Одновременно с фильмом «Стена» группы Пинк Флойд в 1980 году выходит книга Делёза и Гваттари «Тысяча плато». Это выдающееся произведение оказалось почти незамеченным критикой, но оно было симптоматично именно для своего времени. В книге Делёза и Гваттари исследуется новый тип войны, войны варварской: воюющие стороны не сражаются ни за какие идеалы; напротив, они увлечены своим собственным зверством и своей собственной дикостью. Но главное открытие Делёза и Гваттари состояло в фиксации перемещения передовой мирового развития из области возвышенных идей и мыслей в область торжества самых диких инстинктов. Нельзя не увидеть в артистических размышлениях двух философов параллель с только что описанным нами состоянием Евросоюза: если раньше, помимо таможенных оснований объединения, был еще обмен передовыми разработками, то теперь объединение происходит уже преимущественно на политико-бюрократических основаниях.

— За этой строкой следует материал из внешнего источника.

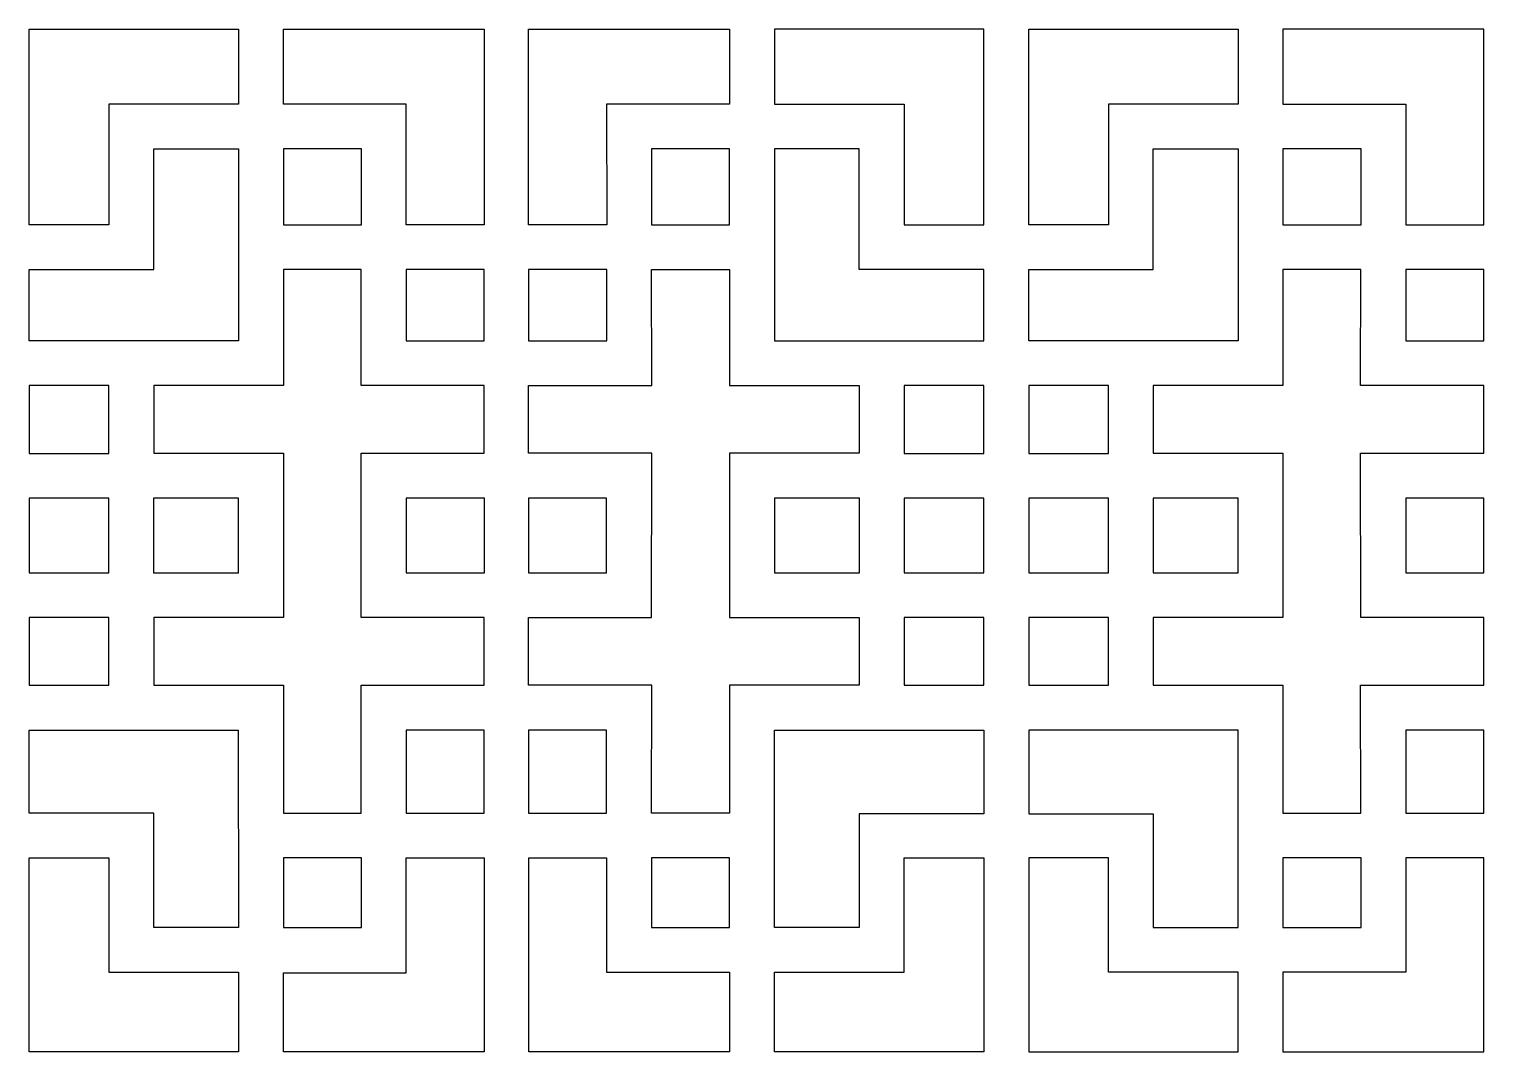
# Model space of a CAD drawing. Header units: centimetres. Extents: x -149 to 149, y -171 to 171.
# Drawn here: x -69.1 to -10.7, y 86.7 to 127.8 of the extents above; entities that cross this region are included whole.
import ezdxf

# ---------------------------------------------------------------- set-up
doc = ezdxf.new("R2010")
doc.units = ezdxf.units.CM
doc.header["$MEASUREMENT"] = 0
doc.layers.add('layer 1', color=7, linetype='Continuous')

msp = doc.modelspace()

# ---------------------------------------------------------------- linework, layer by layer
at = {"layer": 'layer 1', "color": 142}
for points in [[(-58.89966, 119.89398), (-55.76716, 119.89398), (-55.76716, 122.94148), (-58.89966, 122.94148), (-58.89966, 119.89398)], [(-44.12716, 119.89398), (-40.99466, 119.89398), (-40.99466, 122.94148), (-44.12716, 122.94148), (-44.12716, 119.89398)], [(-18.7851, 119.89398), (-15.6526, 119.89398), (-15.6526, 122.94148), (-18.7851, 122.94148), (-18.7851, 119.89398)], [(-53.96716, 115.23648), (-50.83716, 115.23648), (-50.83716, 118.09398), (-53.96716, 118.09398), (-53.96716, 115.23648)], [(-49.05716, 115.23648), (-45.92466, 115.23648), (-45.92466, 118.09398), (-49.05716, 118.09398), (-49.05716, 115.23648)], [(-13.8551, 115.23648), (-10.7226, 115.23648), (-10.7226, 118.09398), (-13.8551, 118.09398), (-13.8551, 115.23648)], [(-69.10415, 110.71484), (-65.90627, 110.71484), (-65.90627, 113.4412), (-69.10415, 113.4412), (-69.10415, 110.71484)], [(-33.98966, 110.71648), (-30.78966, 110.71648), (-30.78966, 113.43896), (-33.98966, 113.43896), (-33.98966, 110.71648)], [(-28.9901, 110.71648), (-25.7901, 110.71648), (-25.7901, 113.43896), (-28.9901, 113.43896), (-28.9901, 110.71648)], [(-69.10466, 105.92398), (-65.90466, 105.92398), (-65.90466, 108.91896), (-69.10466, 108.91896), (-69.10466, 105.92398)], [(-64.10966, 105.92398), (-60.70216, 105.92398), (-60.70216, 108.91396), (-64.10966, 108.91396), (-64.10966, 105.92398)], [(-53.96716, 105.92147), (-50.83466, 105.92147), (-50.83466, 108.91897), (-53.96716, 108.91897), (-53.96716, 105.92147)], [(-49.05716, 105.92147), (-45.92716, 105.92147), (-45.92716, 108.91897), (-49.05716, 108.91897), (-49.05716, 105.92147)], [(-39.19216, 105.92398), (-35.78466, 105.92398), (-35.78466, 108.91396), (-39.19216, 108.91396), (-39.19216, 105.92398)], [(-33.98966, 105.92398), (-30.78966, 105.92398), (-30.78966, 108.91896), (-33.98966, 108.91896), (-33.98966, 105.92398)], [(-28.9901, 105.92398), (-25.7901, 105.92398), (-25.7901, 108.91896), (-28.9901, 108.91896), (-28.9901, 105.92398)], [(-23.9951, 105.92398), (-20.5876, 105.92398), (-20.5876, 108.91396), (-23.9951, 108.91396), (-23.9951, 105.92398)], [(-13.8526, 105.92147), (-10.7226, 105.92147), (-10.7226, 108.91897), (-13.8526, 108.91897), (-13.8526, 105.92147)], [(-69.10466, 101.40898), (-65.90466, 101.40898), (-65.90466, 104.12398), (-69.10466, 104.12398), (-69.10466, 101.40898)], [(-33.98966, 101.40898), (-30.78966, 101.40898), (-30.78966, 104.12398), (-33.98966, 104.12398), (-33.98966, 101.40898)], [(-28.9901, 101.40898), (-25.7901, 101.40898), (-25.7901, 104.12398), (-28.9901, 104.12398), (-28.9901, 101.40898)], [(-53.96716, 96.27647), (-50.83716, 96.27647), (-50.83716, 99.60897), (-53.96716, 99.60897), (-53.96716, 96.27647)], [(-49.05716, 96.27647), (-45.92716, 96.27647), (-45.92716, 99.60897), (-49.05716, 99.60897), (-49.05716, 96.27647)], [(-13.8526, 96.27647), (-10.7226, 96.27647), (-10.7226, 99.60897), (-13.8526, 99.60897), (-13.8526, 96.27647)], [(-58.89966, 91.68398), (-55.76716, 91.68398), (-55.76716, 94.47398), (-58.89966, 94.47398), (-58.89966, 91.68398)], [(-44.12716, 91.68398), (-40.99466, 91.68398), (-40.99466, 94.47398), (-44.12716, 94.47398), (-44.12716, 91.68398)], [(-18.7851, 91.68398), (-15.6526, 91.68398), (-15.6526, 94.47398), (-18.7851, 94.47398), (-18.7851, 91.68398)]]:
    msp.add_lwpolyline(points, close=True, dxfattribs=at)
for points, knots in [([(-69.10466, 119.89648), (-69.10466, 119.89648), (-65.90466, 119.89648), (-65.90466, 119.89648), (-65.90466, 119.89648), (-65.90466, 119.89648), (-65.90715, 124.74148), (-65.90715, 124.74148), (-65.90715, 124.74148), (-65.90715, 124.74148), (-60.70216, 124.74148), (-60.70216, 124.74148), (-60.70216, 124.74148), (-60.70216, 124.74148), (-60.70216, 127.75148), (-60.70216, 127.75148), (-60.70216, 127.75148), (-60.70216, 127.75148), (-69.10466, 127.75148), (-69.10466, 127.75148), (-69.10466, 127.75148), (-69.10466, 127.75148), (-69.10466, 119.89648), (-69.10466, 119.89648)], [0, 0, 0, 0, 0.14285714, 0.14285714, 0.14285714, 0.14285714, 0.28571429, 0.28571429, 0.28571429, 0.28571429, 0.42857143, 0.42857143, 0.42857143, 0.42857143, 0.57142857, 0.57142857, 0.57142857, 0.57142857, 0.71428571, 0.71428571, 0.71428571, 0.71428571, 1, 1, 1, 1]), ([(-53.96716, 124.74148), (-53.96716, 124.74148), (-53.96716, 119.89648), (-53.96716, 119.89648), (-53.96716, 119.89648), (-53.96716, 119.89648), (-50.83716, 119.89648), (-50.83716, 119.89648), (-50.83716, 119.89648), (-50.83716, 119.89648), (-50.83716, 127.75148), (-50.83716, 127.75148), (-50.83716, 127.75148), (-50.83716, 127.75148), (-58.89966, 127.75148), (-58.89966, 127.75148), (-58.89966, 127.75148), (-58.89966, 127.75148), (-58.89966, 124.74148), (-58.89966, 124.74148), (-58.89966, 124.74148), (-58.89966, 124.74148), (-53.96716, 124.74148), (-53.96716, 124.74148)], [0, 0, 0, 0, 0.14285714, 0.14285714, 0.14285714, 0.14285714, 0.28571429, 0.28571429, 0.28571429, 0.28571429, 0.42857143, 0.42857143, 0.42857143, 0.42857143, 0.57142857, 0.57142857, 0.57142857, 0.57142857, 0.71428571, 0.71428571, 0.71428571, 0.71428571, 1, 1, 1, 1]), ([(-49.05716, 127.75148), (-49.05716, 127.75148), (-49.05716, 119.89648), (-49.05716, 119.89648), (-49.05716, 119.89648), (-49.05716, 119.89648), (-45.92465, 119.89648), (-45.92465, 119.89648), (-45.92465, 119.89648), (-45.92465, 119.89648), (-45.92716, 124.74148), (-45.92716, 124.74148), (-45.92716, 124.74148), (-45.92716, 124.74148), (-40.99466, 124.74148), (-40.99466, 124.74148), (-40.99466, 124.74148), (-40.99466, 124.74148), (-40.99466, 127.75148), (-40.99466, 127.75148), (-40.99466, 127.75148), (-40.99466, 127.75148), (-49.05716, 127.75148), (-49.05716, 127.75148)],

В науке совершается окончательная переориентация с масштабных проблем энергетики и машиностроения на биологические и медицинские проблемы. Это говорит о том, что энергетика стала частью политики и явлением национальной экономики, а не передовой научного изобретательства. Не случайно в этом же году в США выходит «Энциклопедия американской экономической истории», которая подвела черту в споре между институционалистами и либералами о степени возможного регулирования энергетического рынка. Отныне то, какие именно энергоресурсы будут разрабатываться, определяет макроэкономическая ситуация, а вовсе не отчеты лабораторий. Зато в биологии и медицине в 1980 году происходят поворотные события: успешно пересаживаются гены от одной мыши к другой, у мыши успешно приживается крысиная инсулиновая железа. Де Серто видел в подобных научных микрореволюциях новое достижение цивилизации – вместо переноса из биологической области в область технологическую, как это было прежде (самолет по образцу птицы), здесь происходит обмен биологическими технологиями между самими организмами, которые начинают теперь сами адаптировать к своему существованию всю полноту накопленного природой опыта.
В США консервативная мысль сходится с религиозной мыслью, развивается религиозное радио и телевидение. Консервативная мысль присваивает себе и искусство XX века: так, в каталоге выставки Пикассо в Музее современного искусства в Нью-Йорке авторы писали о «метафоричности» творчества этого художника. Вместо того чтобы признать в нем революционера формы, в нем видят углубленного, едва ли не мистического художника. Конечно, этот контрреволюционный консерватизм был явлением временным и недолгосрочным.
В этом же году был убит Джон Леннон. Это преступление поразило всех не только самим своим фактом, но и тем, что уже очень давно, со времен Средневековья, убийство не было так тесно переплетено с доверием: незадолго до выстрела будущий убийца брал у Леннона автограф и, казалось, улыбался кумиру вместе с тысячей поклонников. Это убийство было символически вероломным, и оно доказало невозможность дружбы между кумиром и поклонниками. Звезда не может запросто зайти в кафе со своим обожателем; звезда может быть либо за забором из охранников, либо за столь же плотным забором из релизов альбома.